Bitcoin futures highlight some pitfalls for new exchange-traded funds
RIYADH: Bitcoin hit a six-month high and was within striking distance of its all-time peak on Tuesday, as traders bet an anticipated listing of a futures-based US exchange-traded fund (ETF) could herald investment flows into cryptocurrencies, Arab News reported.
Bitcoin has been known for its volatility for 13 years and has recently been trading fairly flat, but it has been surging around 40 per cent this month on hopes that the emergence of Bitcoin ETFs will see billions of dollars managed by pension funds and other large investors flow into the sector.
ProShares Bitcoin Strategy ETF is expected to list on Tuesday under the ticker BITO, provided the US regulator, the Securities and Exchange Commission, does not object.
Analysts said the ETF would also likely simplify access to cryptocurrencies for retail investors.
“It can attract flows from investors who prefer the ease of an ETF over the perceived risk of an exchange,” Martha Reyes, head of research at crypto exchange Bequant said.

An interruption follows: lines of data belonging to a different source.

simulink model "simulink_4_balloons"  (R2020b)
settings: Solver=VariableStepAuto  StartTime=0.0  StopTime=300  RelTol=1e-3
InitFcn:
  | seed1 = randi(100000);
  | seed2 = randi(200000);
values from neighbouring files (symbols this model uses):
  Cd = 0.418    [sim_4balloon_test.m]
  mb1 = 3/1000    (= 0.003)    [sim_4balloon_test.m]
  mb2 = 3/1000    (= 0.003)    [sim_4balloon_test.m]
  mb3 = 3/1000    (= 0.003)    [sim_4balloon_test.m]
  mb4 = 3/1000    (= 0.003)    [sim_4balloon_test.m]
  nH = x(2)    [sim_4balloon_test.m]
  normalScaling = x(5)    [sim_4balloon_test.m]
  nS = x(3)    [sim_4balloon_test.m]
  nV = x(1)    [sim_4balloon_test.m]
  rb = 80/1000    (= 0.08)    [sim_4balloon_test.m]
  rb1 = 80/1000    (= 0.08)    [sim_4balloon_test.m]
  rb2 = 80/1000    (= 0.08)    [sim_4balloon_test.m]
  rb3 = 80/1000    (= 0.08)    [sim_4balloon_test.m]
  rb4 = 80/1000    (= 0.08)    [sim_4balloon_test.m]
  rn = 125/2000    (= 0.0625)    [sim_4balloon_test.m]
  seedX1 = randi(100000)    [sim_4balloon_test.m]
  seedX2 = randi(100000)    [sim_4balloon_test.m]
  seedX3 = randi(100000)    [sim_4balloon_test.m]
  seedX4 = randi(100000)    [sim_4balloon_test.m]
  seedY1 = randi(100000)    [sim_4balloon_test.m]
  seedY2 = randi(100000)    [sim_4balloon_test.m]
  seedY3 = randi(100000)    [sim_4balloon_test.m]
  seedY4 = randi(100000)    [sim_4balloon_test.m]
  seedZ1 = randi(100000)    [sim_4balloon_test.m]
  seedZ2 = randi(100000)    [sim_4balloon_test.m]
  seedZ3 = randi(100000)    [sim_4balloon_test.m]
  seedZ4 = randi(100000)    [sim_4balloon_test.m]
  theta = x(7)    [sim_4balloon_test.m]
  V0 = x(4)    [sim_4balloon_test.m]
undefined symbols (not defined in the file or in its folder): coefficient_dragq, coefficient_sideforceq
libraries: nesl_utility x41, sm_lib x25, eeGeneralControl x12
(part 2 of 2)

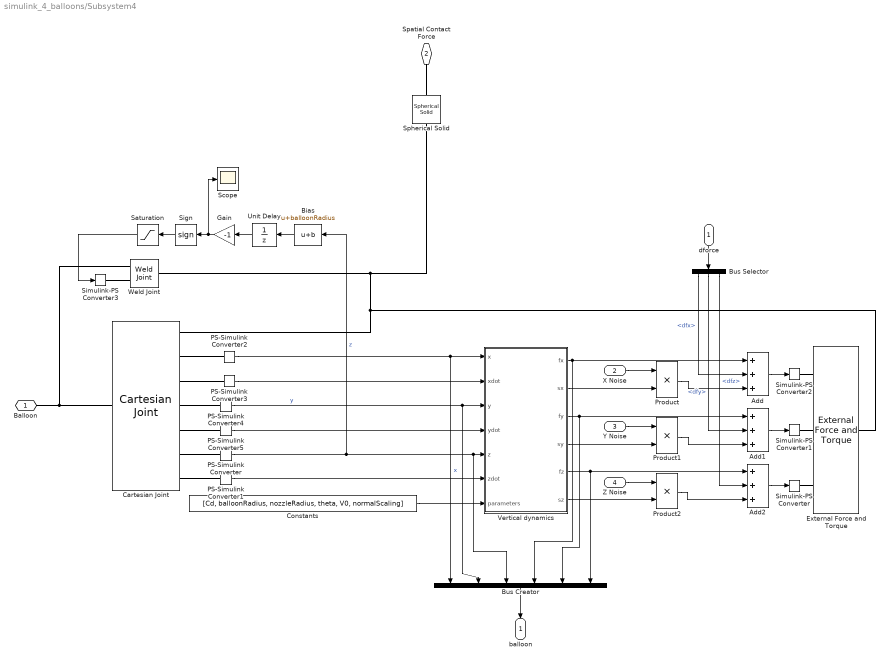
== system simulink_4_balloons/Subsystem4 ==
  dforce : Inport
  X Noise : Inport  Port=2
  Y Noise : Inport  Port=3
  Z Noise : Inport  Port=4
  Add : Sum  Inputs=+++
  Add1 : Sum  Inputs=+++
  Add2 : Sum  Inputs=+++
  Bias : Bias  Bias=balloonRadius
  Bus Creator : BusCreator  Inputs=6
  Bus Selector : BusSelector  OutputSignals=dfx,dfy,dfz
  Cartesian Joint : sm_lib/Joints/Cartesian Joint  JointMode=Normal  SenseConstraintForce=off  SenseConstraintForceX=off  SenseConstraintForceY=off  SenseConstraintForceZ=off  SenseConstraintTorque=off  SenseConstraintTorqueX=off  SenseConstraintTorqueY=off  SenseConstraintTorqueZ=off  SenseTotalForce=off  SenseTotalForceX=off  SenseTotalForceY=off  SenseTotalForceZ=off  SenseTotalTorque=off  SenseTotalTorqueX=off  SenseTotalTorqueY=off  SenseTotalTorqueZ=off  CompositeWrenchDir=FollowerOnBase  CompositeWrenchFrame=BaseFrame  PxEquilibriumPosition=0  PxEquilibriumPositionUnits=m  PxSpringStiffness=0  PxSpringStiffnessUnits=N/m  PxDampingCoefficient=hd  PxDampingCoefficientUnits=N/(m/s)  PxTorqueActuationMode=NoTorque  PxMotionActuationMode=ComputedMotion  PxSensePosition=on  PxSenseVelocity=on  PxSenseAcceleration=off  PxSenseTorqueForce=off  PxSenseLowerLimitTorqueForce=off  PxSenseUpperLimitTorqueForce=off  PxLowerLimitSpecify=off  PxLowerLimitBound=-1  PxLowerLimitBoundUnits=m  PxLowerLimitStiffness=1e6  PxLowerLimitStiffnessUnits=N/m  PxLowerLimitDamping=1e3  PxLowerLimitDampingUnits=N/(m/s)  PxLowerLimitTransitionRegionWidth=1e-4  PxLowerLimitTransitionRegionWidthUnits=m  PxUpperLimitSpecify=off  PxUpperLimitBound=1  PxUpperLimitBoundUnits=m  PxUpperLimitStiffness=1e6  PxUpperLimitStiffnessUnits=N/m  PxUpperLimitDamping=1e3  PxUpperLimitDampingUnits=N/(m/s)  PxUpperLimitTransitionRegionWidth=1e-4  PxUpperLimitTransitionRegionWidthUnits=m  PxPositionTargetSpecify=off  PxPositionTargetPriority=High  PxPositionTargetValue=0  PxPositionTargetValueUnits=m  PxVelocityTargetSpecify=off  PxVelocityTargetPriority=High  PxVelocityTargetValue=0  PxVelocityTargetValueUnits=m/s  PyEquilibriumPosition=0  PyEquilibriumPositionUnits=m  PySpringStiffness=0  PySpringStiffnessUnits=N/m  PyDampingCoefficient=hd  PyDampingCoefficientUnits=N/(m/s)  PyTorqueActuationMode=NoTorque  PyMotionActuationMode=ComputedMotion  PySensePosition=on  PySenseVelocity=on  PySenseAcceleration=off  PySenseTorqueForce=off  PySenseLowerLimitTorqueForce=off  PySenseUpperLimitTorqueForce=off  PyLowerLimitSpecify=off  PyLowerLimitBound=-1  PyLowerLimitBoundUnits=m  PyLowerLimitStiffness=1e6  PyLowerLimitStiffnessUnits=N/m  PyLowerLimitDamping=1e3  PyLowerLimitDampingUnits=N/(m/s)  PyLowerLimitTransitionRegionWidth=1e-4  PyLowerLimitTransitionRegionWidthUnits=m  PyUpperLimitSpecify=off  PyUpperLimitBound=1  PyUpperLimitBoundUnits=m  PyUpperLimitStiffness=1e6  PyUpperLimitStiffnessUnits=N/m  PyUpperLimitDamping=1e3  PyUpperLimitDampingUnits=N/(m/s)  PyUpperLimitTransitionRegionWidth=1e-4  PyUpperLimitTransitionRegionWidthUnits=m  PyPositionTargetSpecify=off  PyPositionTargetPriority=High  PyPositionTargetValue=0  PyPositionTargetValueUnits=m  PyVelocityTargetSpecify=off  PyVelocityTargetPriority=High  PyVelocityTargetValue=0  PyVelocityTargetValueUnits=m/s  PzEquilibriumPosition=0  PzEquilibriumPositionUnits=m  PzSpringStiffness=0  PzSpringStiffnessUnits=N/m  PzDampingCoefficient=hd  PzDampingCoefficientUnits=N/(m/s)  PzTorqueActuationMode=NoTorque  PzMotionActuationMode=ComputedMotion  PzSensePosition=on  PzSenseVelocity=on  PzSenseAcceleration=off  PzSenseTorqueForce=off  PzSenseLowerLimitTorqueForce=off  PzSenseUpperLimitTorqueForce=off  PzLowerLimitSpecify=off  PzLowerLimitBound=0  PzLowerLimitBoundUnits=m  PzLowerLimitStiffness=1e6  PzLowerLimitStiffnessUnits=N/m  PzLowerLimitDamping=1e3  PzLowerLimitDampingUnits=N/(m/s)  PzLowerLimitTransitionRegionWidth=1e-4  PzLowerLimitTransitionRegionWidthUnits=m  PzUpperLimitSpecify=off  PzUpperLimitBound=1  PzUpperLimitBoundUnits=m  PzUpperLimitStiffness=1e6  PzUpperLimitStiffnessUnits=N/m  PzUpperLimitDamping=1e3  PzUpperLimitDampingUnits=N/(m/s)  PzUpperLimitTransitionRegionWidth=1e-4  PzUpperLimitTransitionRegionWidthUnits=m  PzPositionTargetSpecify=on  PzPositionTargetPriority=High  PzPositionTargetValue=initialHeight  PzPositionTargetValueUnits=m  PzVelocityTargetSpecify=on  PzVelocityTargetPriority=High  PzVelocityTargetValue=0  PzVelocityTargetValueUnits=m/s
  Constants : Constant  Value=[Cd, balloonRadius, nozzleRadius, theta, V0, normalScaling]
  External Force and Torque : sm_lib/Forces and Torques/External Force and Torque  ForceResolutionFrame=AttachedFrame  EnableForceX=on  EnableForceY=on  EnableForceZ=on  EnableForce=off  TorqueResolutionFrame=AttachedFrame  EnableTorqueX=off  EnableTorqueY=off  EnableTorqueZ=off  EnableTorque=off
  Gain : Gain  Gain=-1
  PS-Simulink Converter{,1..5} (6 alike) : nesl_utility/PS-Simulink Converter  PhysicalDomain=network_engine_domain  SubClassName=ps_output  LeftPortType=input  RightPortType=output  PseudoPeriodic=off  Frequencies=[]  Unit=inherit  AffineConversion=off
  Product : Product
  Product1 : Product
  Product2 : Product
  Saturation : Saturate  UpperLimit=0  LowerLimit=-1
  Scope : Scope
  Sign : Signum
  Simulink-PS Converter{,1..3} (4 alike) : nesl_utility/Simulink-PS Converter  PhysicalDomain=network_engine_domain  SubClassName=ps_input  LeftPortType=input  RightPortType=output  PseudoPeriodic=off  Frequencies=[]  NoiseDistribution=none  NoiseParameters=[]  Unit=1  AffineConversion=off  FilteringAndDerivatives=provide  SimscapeFilterOrder=1  InputFilterTimeConstant=0.001  UdotUserProvided=0
  Spherical Solid : sm_lib/Body Elements/Spherical Solid  GraphicAmbientColor=[0.15 0.15 0.15 1.0]  BasedOnType=Mass  CenterOfMass=[0 0 0]  CenterOfMassUnits=m  GraphicDiffuseColor=[1.0 1.0 0.0]  Density=1000  DensityUnits=kg/m^3  DoExposeReferenceFrame=on  GraphicEmissiveColor=[0.0 0.0 0.0 1.0]  ExportEntireGeometry=on  SerializedExposedGeometries=<ExposedGeometries><ExposedGeometry><RawGeometryId>entire</RawGeometryId><ExposedGeometryId>G</ExposedGeometryId></ExposedGeometry></ExposedGeometries>  SerializedFrames=<Frames/>  MarkerShape=Sphere  MarkerSize=10  GraphicType=FromGeometry  InertiaType=CalculateFromGeometry  Mass=balloonMass  MassUnits=kg  MomentsOfInertia=[1 1 1]  MomentsOfInertiaUnits=kg*m^2  GraphicOpacity=1.0  ProductsOfInertia=[0 0 0]  ProductsOfInertiaUnits=kg*m^2  GraphicShininess=75  GraphicSpecularColor=[0.5 0.5 0.5 1.0]  SphereRadius=balloonRadius  SphereRadiusUnits=m  GraphicVisPropType=SimpleVisualProperties
  Unit Delay : UnitDelay  InitialCondition=initialHeight+balloonRadius  SampleTime=0.01  HasFrameUpgradeWarning=on
  Vertical dynamics : MATLAB Function  TreatAsAtomicUnit=on
  Weld Joint : sm_lib/Joints/Weld Joint  JointMode=ProvidedByInput  SenseConstraintForce=off  SenseConstraintForceX=off  SenseConstraintForceY=off  SenseConstraintForceZ=off  SenseConstraintTorque=off  SenseConstraintTorqueX=off  SenseConstraintTorqueY=off  SenseConstraintTorqueZ=off  SenseTotalForce=off  SenseTotalForceX=off  SenseTotalForceY=off  SenseTotalForceZ=off  SenseTotalTorque=off  SenseTotalTorqueX=off  SenseTotalTorqueY=off  SenseTotalTorqueZ=off  CompositeWrenchDir=FollowerOnBase  CompositeWrenchFrame=BaseFrame
  Balloon : PMIOPort  Side=Left
  Spatial Contact Force : PMIOPort  Port=2  Side=Left
  balloon : Outport
  wires:
  PS-Simulink Converter4/1 -> Vertical dynamics/3(y), Bus Creator/2  "y"
  PS-Simulink Converter2/1 -> Bus Creator/1, Vertical dynamics/1(x)  "x"
  Gain/1 -> Scope/1, Sign/1
  Unit Delay/1 -> Gain/1
  Sign/1 -> Saturation/1
  Saturation/1 -> Simulink-PS Converter3/1
  Bias/1 -> Unit Delay/1
  Product2/1 -> Add2/3
  Bus Selector/2 -> Add1/2  "<dfy>"
  Bus Selector/3 -> Add2/2  "<dfz>"
  Vertical dynamics/1(fx) -> Add/1, Bus Creator/4
  Vertical dynamics/5(fz) -> Add2/1, Bus Creator/6
  PS-Simulink Converter/1 -> Bus Creator/3, Vertical dynamics/5(z), Bias/1  "z"
  X Noise/1 -> Product/1
  Vertical dynamics/4(sy) -> Product1/2
  Add1/1 -> Simulink-PS Converter1/1
  Add/1 -> Simulink-PS Converter2/1
  Add2/1 -> Simulink-PS Converter/1
  Vertical dynamics/3(fy) -> Add1/1, Bus Creator/5
  Y Noise/1 -> Product1/1
  Vertical dynamics/2(sx) -> Product/2
  Product1/1 -> Add1/3
  Product/1 -> Add/3
  dforce/1 -> Bus Selector/1
  Vertical dynamics/6(sz) -> Product2/2
  Bus Creator/1 -> balloon/1
  Z Noise/1 -> Product2/1
  Bus Selector/1 -> Add/2  "<dfx>"
  PS-Simulink Converter5/1 -> Vertical dynamics/4(ydot)
  PS-Simulink Converter1/1 -> Vertical dynamics/6(zdot)
  PS-Simulink Converter3/1 -> Vertical dynamics/2(xdot)
  Constants/1 -> Vertical dynamics/7(parameters)
  connections:
  PS-Simulink Converter/LConn1 -- Cartesian Joint/RConn6
  PS-Simulink Converter2/LConn1 -- Cartesian Joint/RConn2
  Weld Joint/RConn1 -- Spherical Solid/RConn1 -- External Force and Torque/RConn1 -- Cartesian Joint/RConn1
  Cartesian Joint/LConn1 -- Weld Joint/LConn1 -- Balloon/RConn1
  PS-Simulink Converter5/LConn1 -- Cartesian Joint/RConn5
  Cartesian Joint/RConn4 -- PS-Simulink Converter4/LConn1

Other analysts have also cautioned that the fund will not invest directly in Bitcoin rather in Chicago-traded futures, so any immediate effects of the flows may be limited.
Crypto ETFs have launched this year in Canada and Europe amid surging interest in digital assets. VanEck and Valkyrie are among fund managers pursuing such products listed in the US, although Invesco on Monday dropped its plans for a futures-based fund.
The Nasdaq on Friday approved the listing of the Valkyrie Bitcoin Strategy ETF and Grayscale, the world’s largest digital currency manager, is planning to convert its Grayscale Bitcoin Trust into a spot Bitcoin ETF, CNBC reported.
The launch of the first Bitcoin futures ETF on Tuesday marks a major step toward legitimising the cryptocurrency, but some investors in such funds may face higher costs compared with buying the digital currency itself, Reuters reported.
ProShares will be backed by the CME Group’s Bitcoin futures instead of the actual virtual asset itself. Its offering is expected to lead to more launches of futures-based ETFs in the coming days and weeks after years of regulatory roadblocks.
Market participants generally praised the relative ease and safety of owning an exchange-traded product instead of buying Bitcoin from cryptocurrency exchanges and brokers.
Investors won’t have to worry about custody and securing their digital wallets, although analysts said there are top-tier exchanges that offer these services to their customers, as well.
A futures-based ETF price will not necessarily match the current price of the underlying asset.
“In most cases, such futures funds based on commodity assets such as gold tend to underperform physical ones,” Mikkel Morch executive director at crypto and digital assets hedge fund ARK36 said.
In addition to the risk of a futures-based Bitcoin fund underperforming Bitcoin, it also comes with the cost of the futures roll-over, some analysts said. However, analysts believe investors will still buy the futures-based funds despite the higher cost.
Bitcoin, the leading cryptocurrency in trading internationally, traded higher on Tuesday, rising by 0.99 per cent to $62,494 at 5:20pm Riyadh time. Ether, the second most traded cryptocurrency, traded at $3,813, up 0.57 per cent, according to data from Coindesk.